Second, while Dubai may run out of oil in a decade or two, the UAE as a whole won’t or at least not in our lifetime. If Abu Dhabi maintains current production levels, the Emirates will have oil for 100 more years. If Dubai would really face serious financial problems in the future I doubt Abu Dhabi would remain completely idle. Anyway, since the oil sector contributes only around 5 percent to Dubai’s GDP, the question when oil runs out does not really matter that much to begin with. Dubai is by far the place which has done the best job to diversify away from oil dependency.

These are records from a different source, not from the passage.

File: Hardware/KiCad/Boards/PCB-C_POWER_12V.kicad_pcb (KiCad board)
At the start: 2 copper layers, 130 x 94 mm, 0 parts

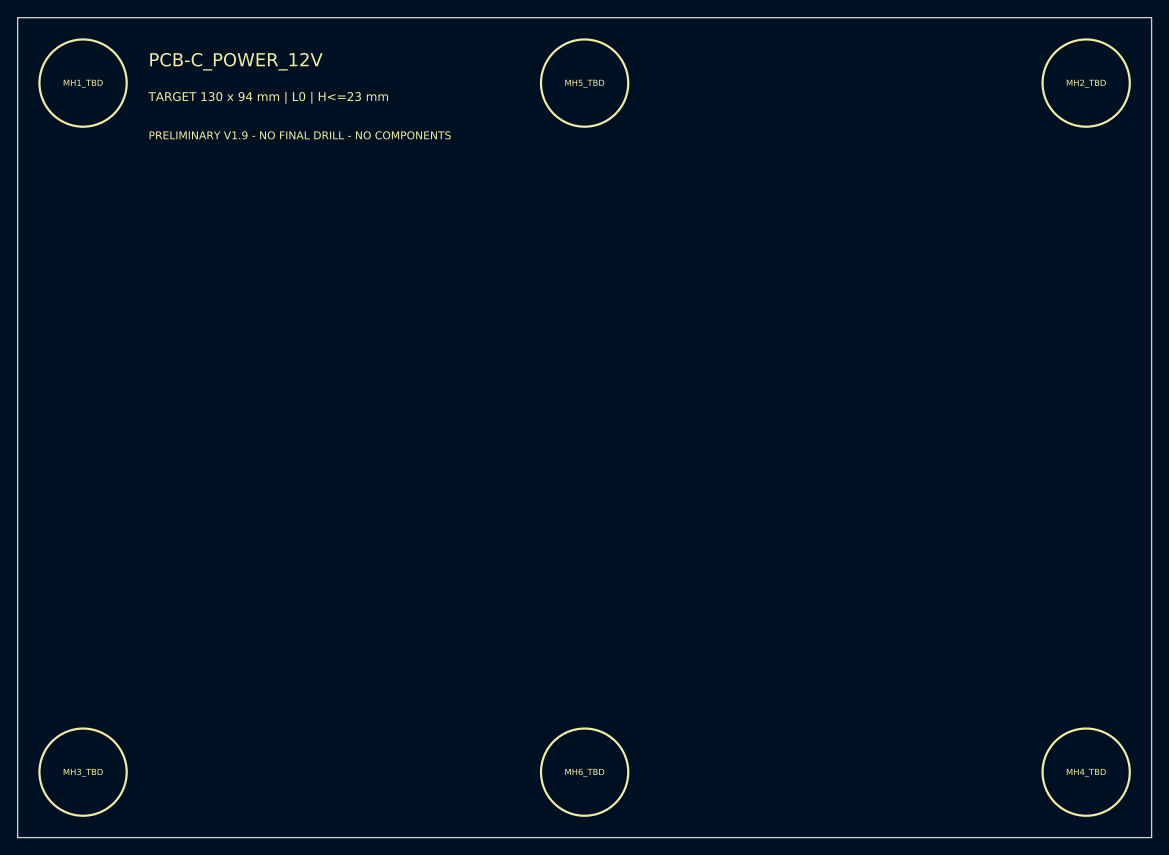
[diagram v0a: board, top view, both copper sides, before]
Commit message: hardware: add PCB-C functional and height placeholders
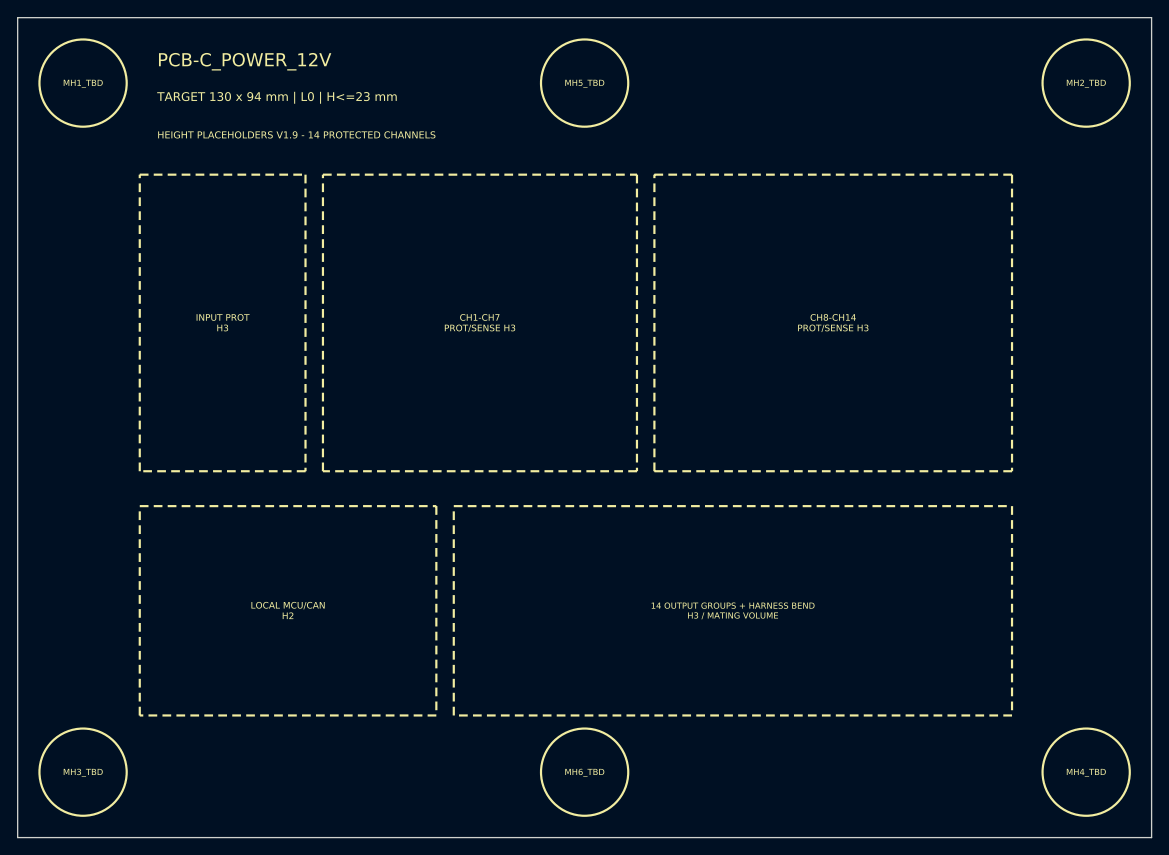
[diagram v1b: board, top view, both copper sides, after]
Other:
- board text added: "14 OUTPUT GROUPS + HARNESS BEND H3 / MATING VOLUME"
- board text added: "CH1-CH7 PROT/SENSE H3"
- board text added: "CH8-CH14 PROT/SENSE H3"
- board text added: "HEIGHT PLACEHOLDERS V1.9 - 14 PROTECTED CHANNELS"
- board text added: "INPUT PROT H3"
- board text added: "LOCAL MCU/CAN H2"
- board text removed: "PRELIMINARY V1.9 - NO FINAL DRILL - NO COMPONENTS"
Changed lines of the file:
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@@
 		(pad_to_mask_clearance 0)
 		(allow_soldermask_bridges_in_footprints no)
-		(tenting
-			(front yes)
-			(back yes)
-		)
-		(covering
-			(front no)
-			(back no)
-		)
-		(plugging
-			(front no)
-			(back no)
-		)
-		(capping no)
-		(filling no)
-		(pcbplotparams
-			(layerselection 0x00000000_00000000_55555555_5755f5ff)
-			(plot_on_all_layers_selection 0x00000000_00000000_00000000_00000000)
-			(disableapertmacros no)
-			(usegerberextensions no)
-			(usegerberattributes yes)
-			(usegerberadvancedattributes yes)
-			(creategerberjobfile yes)
-			(dashed_line_dash_ratio 12)
-			(dashed_line_gap_ratio 3)
-			(svgprecision 4)
-			(plotframeref no)
-			(mode 1)
-			(useauxorigin no)
-			(pdf_front_fp_property_popups yes)
-			(pdf_back_fp_property_popups yes)
-			(pdf_metadata yes)
-			(pdf_single_document no)
-			(dxfpolygonmode yes)
-			(dxfimperialunits yes)
-			(dxfusepcbnewfont yes)
-			(psnegative no)
-			(psa4output no)
-			(plot_black_and_white yes)
-			(sketchpadsonfab no)
-			(plotpadnumbers no)
-			(hidednponfab no)
-			(sketchdnponfab yes)
-			(crossoutdnponfab yes)
-			(subtractmaskfromsilk no)
-			(outputformat 1)
-			(mirror no)
-			(drillshape 1)
-			(scaleselection 1)
-			(outputdirectory "")
-		)
 	)
-	(gr_circle
-		(center 27.5 27.5)
-		(end 32.5 27.5)
-		(stroke
-			(width 0.25)
-			(type dash)
-		)
-		(fill no)
-		(layer "F.SilkS")
-	)
-	(gr_circle
-		(center 27.5 106.5)
-		(end 32.5 106.5)
-		(stroke
-			(width 0.25)
-			(type dash)
-		)
-		(fill no)
-		(layer "F.SilkS")
-	)
-	(gr_circle
-		(center 85 27.5)
-		(end 90 27.5)
-		(stroke
-			(width 0.25)
-			(type dash)
-		)
-		(fill no)
-		(layer "F.SilkS")
-	)
-	(gr_circle
-		(center 85 106.5)
-		(end 90 106.5)
-		(stroke
-			(width 0.25)
-			(type dash)
-		)
-		(fill no)
-		(layer "F.SilkS")
-	)
-	(gr_circle
-		(center 142.5 27.5)
-		(end 147.5 27.5)
-		(stroke
-			(width 0.25)
-			(type dash)
-		)
-		(fill no)
-		(layer "F.SilkS")
-	)
-	(gr_circle
-		(center 142.5 106.5)
-		(end 147.5 106.5)
-		(stroke
-			(width 0.25)
-			(type dash)
-		)
-		(fill no)
-		(layer "F.SilkS")
-	)
-	(gr_rect
-		(start 20 20)
-		(end 150 114)
-		(stroke
-			(width 0.05)
-			(type default)
-		)
-		(fill no)
-		(layer "Edge.Cuts")
-	)
-	(gr_text "MH1_TBD"
-		(at 27.5 27.5 0)
-		(layer "F.SilkS")
-		(effects
-			(font
-				(size 0.7 0.7)
-				(thickness 0.14)
-			)
-		)
-	)
-	(gr_text "MH3_TBD"
-		(at 27.5 106.5 0)
-		(layer "F.SilkS")
-		(effects
-			(font
-				(size 0.7 0.7)
-				(thickness 0.14)
-			)
-		)
-	)
-	(gr_text "MH5_TBD"
-		(at 85 27.5 0)
-		(layer "F.SilkS")
-		(effects
-			(font
-				(size 0.7 0.7)
-				(thickness 0.14)
-			)
-		)
-	)
-	(gr_text "MH6_TBD"
-		(at 85 106.5 0)
-		(layer "F.SilkS")
-		(effects
-			(font
-				(size 0.7 0.7)
-				(thickness 0.14)
-			)
-		)
-	)
-	(gr_text "MH2_TBD"
-		(at 142.5 27.5 0)
-		(layer "F.SilkS")
-		(effects
-			(font
-				(size 0.7 0.7)
-				(thickness 0.14)
-			)
-		)
-	)
-	(gr_text "MH4_TBD"
-		(at 142.5 106.5 0)
-		(layer "F.SilkS")
-		(effects
-			(font
-				(size 0.7 0.7)
-				(thickness 0.14)
-			)
-		)
-	)
-	(gr_text "PRELIMINARY V1.9 - NO FINAL DRILL - NO COMPONENTS"
-		(at 35 33 0)
-		(layer "F.SilkS")
-		(effects
-			(font
-				(size 0.9 0.9)
-				(thickness 0.18)
-			)
-			(justify left top)
-		)
-	)
-	(gr_text "TARGET 130 x 94 mm | L0 | H<=23 mm"
-		(at 35 28.5 0)
-		(layer "F.SilkS")
-		(effects
-			(font
-				(size 1 1)
-				(thickness 0.2)
-			)
-			(justify left top)
-		)
-	)
-	(gr_text "PCB-C_POWER_12V"
-		(at 35 24 0)
-		(layer "F.SilkS")
-		(effects
-			(font
-				(size 1.5 1.5)
-				(thickness 0.3)
-			)
-			(justify left top)
-		)
-	)
+	(gr_rect (start 20 20) (end 150 114) (stroke (width 0.05) (type default)) (fill no) (layer "Edge.Cuts"))
+	(gr_text "PCB-C_POWER_12V" (at 36 24 0) (layer "F.SilkS") (effects (font (size 1.5 1.5) (thickness 0.3)) (justify left top)))
+	(gr_text "TARGET 130 x 94 mm | L0 | H<=23 mm" (at 36 28.5 0) (layer "F.SilkS") (effects (font (size 1 1) (thickness 0.2)) (justify left top)))
+	(gr_text "HEIGHT PLACEHOLDERS V1.9 - 14 PROTECTED CHANNELS" (at 36 33 0) (layer "F.SilkS") (effects (font (size 0.8 0.8) (thickness 0.16)) (justify left top)))
+	(gr_circle (center 27.5 27.5) (end 32.5 27.5) (stroke (width 0.25) (type dash)) (fill no) (layer "F.SilkS"))
+	(gr_circle (center 27.5 106.5) (end 32.5 106.5) (stroke (width 0.25) (type dash)) (fill no) (layer "F.SilkS"))
+	(gr_circle (center 85 27.5) (end 90 27.5) (stroke (width 0.25) (type dash)) (fill no) (layer "F.SilkS"))
+	(gr_circle (center 85 106.5) (end 90 106.5) (stroke (width 0.25) (type dash)) (fill no) (layer "F.SilkS"))
+	(gr_circle (center 142.5 27.5) (end 147.5 27.5) (stroke (width 0.25) (type dash)) (fill no) (layer "F.SilkS"))
+	(gr_circle (center 142.5 106.5) (end 147.5 106.5) (stroke (width 0.25) (type dash)) (fill no) (layer "F.SilkS"))
+	(gr_text "MH1_TBD" (at 27.5 27.5 0) (layer "F.SilkS") (effects (font (size 0.7 0.7) (thickness 0.14))))
+	(gr_text "MH2_TBD" (at 142.5 27.5 0) (layer "F.SilkS") (effects (font (size 0.7 0.7) (thickness 0.14))))
+	(gr_text "MH3_TBD" (at 27.5 106.5 0) (layer "F.SilkS") (effects (font (size 0.7 0.7) (thickness 0.14))))
+	(gr_text "MH4_TBD" (at 142.5 106.5 0) (layer "F.SilkS") (effects (font (size 0.7 0.7) (thickness 0.14))))
+	(gr_text "MH5_TBD" (at 85 27.5 0) (layer "F.SilkS") (effects (font (size 0.7 0.7) (thickness 0.14))))
+	(gr_text "MH6_TBD" (at 85 106.5 0) (layer "F.SilkS") (effects (font (size 0.7 0.7) (thickness 0.14))))
+	(gr_rect (start 34 38) (end 53 72) (stroke (width 0.25) (type dash)) (fill no) (layer "F.SilkS"))
+	(gr_text "INPUT PROT\nH3" (at 43.5 55 0) (layer "F.SilkS") (effects (font (size 0.75 0.75) (thickness 0.14))))
+	(gr_rect (start 55 38) (end 91 72) (stroke (width 0.25) (type dash)) (fill no) (layer "F.SilkS"))
+	(gr_text "CH1-CH7\nPROT/SENSE H3" (at 73 55 0) (layer "F.SilkS") (effects (font (size 0.75 0.75) (thickness 0.14))))
+	(gr_rect (start 93 38) (end 134 72) (stroke (width 0.25) (type dash)) (fill no) (layer "F.SilkS"))
+	(gr_text "CH8-CH14\nPROT/SENSE H3" (at 113.5 55 0) (layer "F.SilkS") (effects (font (size 0.75 0.75) (thickness 0.14))))
+	(gr_rect (start 34 76) (end 68 100) (stroke (width 0.25) (type dash)) (fill no) (layer "F.SilkS"))
+	(gr_text "LOCAL MCU/CAN\nH2" (at 51 88 0) (layer "F.SilkS") (effects (font (size 0.75 0.75) (thickness 0.14))))
+	(gr_rect (start 70 76) (end 134 100) (stroke (width 0.25) (type dash)) (fill no) (layer "F.SilkS"))
+	(gr_text "14 OUTPUT GROUPS + HARNESS BEND\nH3 / MATING VOLUME" (at 102 88 0) (layer "F.SilkS") (effects (font (size 0.7 0.7) (thickness 0.13))))
+	(gr_rect (start 68 74) (end 136 102) (stroke (width 0.3) (type dash)) (fill no) (layer "Margin"))
 	(embedded_fonts no)
 )

http://www.ameinfo.com/122863.html


Cheers :cheers:


----------



## LMCA1990 (Jun 18, 2005)

I'm still shocked at the amount of projects in Dubai. I just hope they don't have empty skyscrapers when they're finished.


----------



## Mr. Uncut (Jan 13, 2008)

Mercutio said:


> I think you are very wrong on two accounts.
> 
> First, Dubai’s population is likely to double to 3 million just within the next 10 years, maybe even earlier. In addition to that, two smaller emirates, Sharjah and Ajman, lay right next to Dubai and add almost one million people to its metro area (~2.5 million). Furthermore, Dubai is also not a city state but it is integral part of the United Arab Emirates, a country with 4.5 million inhabitants. The population of the UAE as a whole is one of the fastest growing in the world. The UAE is also member of the Gulf Cooperation Council, a trade bloc involving all the oil rich Gulf States including heavy weight Saudi Arabia. Just recently, the GCC has launched successfully a common market and it has broader plans for a monetary union. To sum it up, Dubai has a rapidly growing population and it is pursuing regional economic integration with its wealty neighbours.
> 
> ...



what i wanted to say is that all these fast growing numbers (economy, population etc.) are going to decrease within next years (population growth already negative trend in Near East, from 5 % to 4% in 3 years for exmpl in UAE). I know 3 companies, who just came back from Dubai, because the economy is to unstable to operate for a longer time. The most go to Asia in megacities like Shanghai, Jakarta or Manila not in "economic villages" like Dubai. Years ago no one see this problem but in the last 2 - 3 years a lot change their mind and invest in bigger (most asian) cities. The international support is declining in last years and for a small city like Dubai this can be a big problem.

Cheers,

Patrick


----------



## gonzalo12345 (Jul 27, 2006)

i guess I'll be move to Dubai


----------



## luv2bebrown (Nov 4, 2004)

Mr. Uncut said:


> what i wanted to say is that all these fast growing numbers (economy, population etc.) are going to decrease within next years (population growth already negative trend in Near East, from 5 % to 4% in 3 years for exmpl in UAE). I know 3 companies, who just came back from Dubai, because the economy is to unstable to operate for a longer time. The most go to Asia in megacities like Shanghai, Jakarta or Manila not in "economic villages" like Dubai. Years ago no one see this problem but in the last 2 - 3 years a lot change their mind and invest in bigger (most asian) cities. The international support is declining in last years and for a small city like Dubai this can be a big problem.
> 
> Cheers,
> 
> Patrick


population growth in dubai is very high.
population of dubai today is at least 1.7 million. last year's census was a very shabby job... did not coutn a lot of residents and came up at 1.4 million.
1.7 million excludes sharjah + the metro. metro population of 2.5-2.7 million.
with 200,000-300,000 people moving to the city each year, it will be bigger than Singapore in a few years. 

also, oil accounts for only 3% of Dubai's GDP today. down from aroudn 33% maybe 15 years ago.

you know 3 companies that left Dubai, I know of several who came to Dubai... one of them is called Halliburton.

dont think the city's prospects is quite as bleak as you think


----------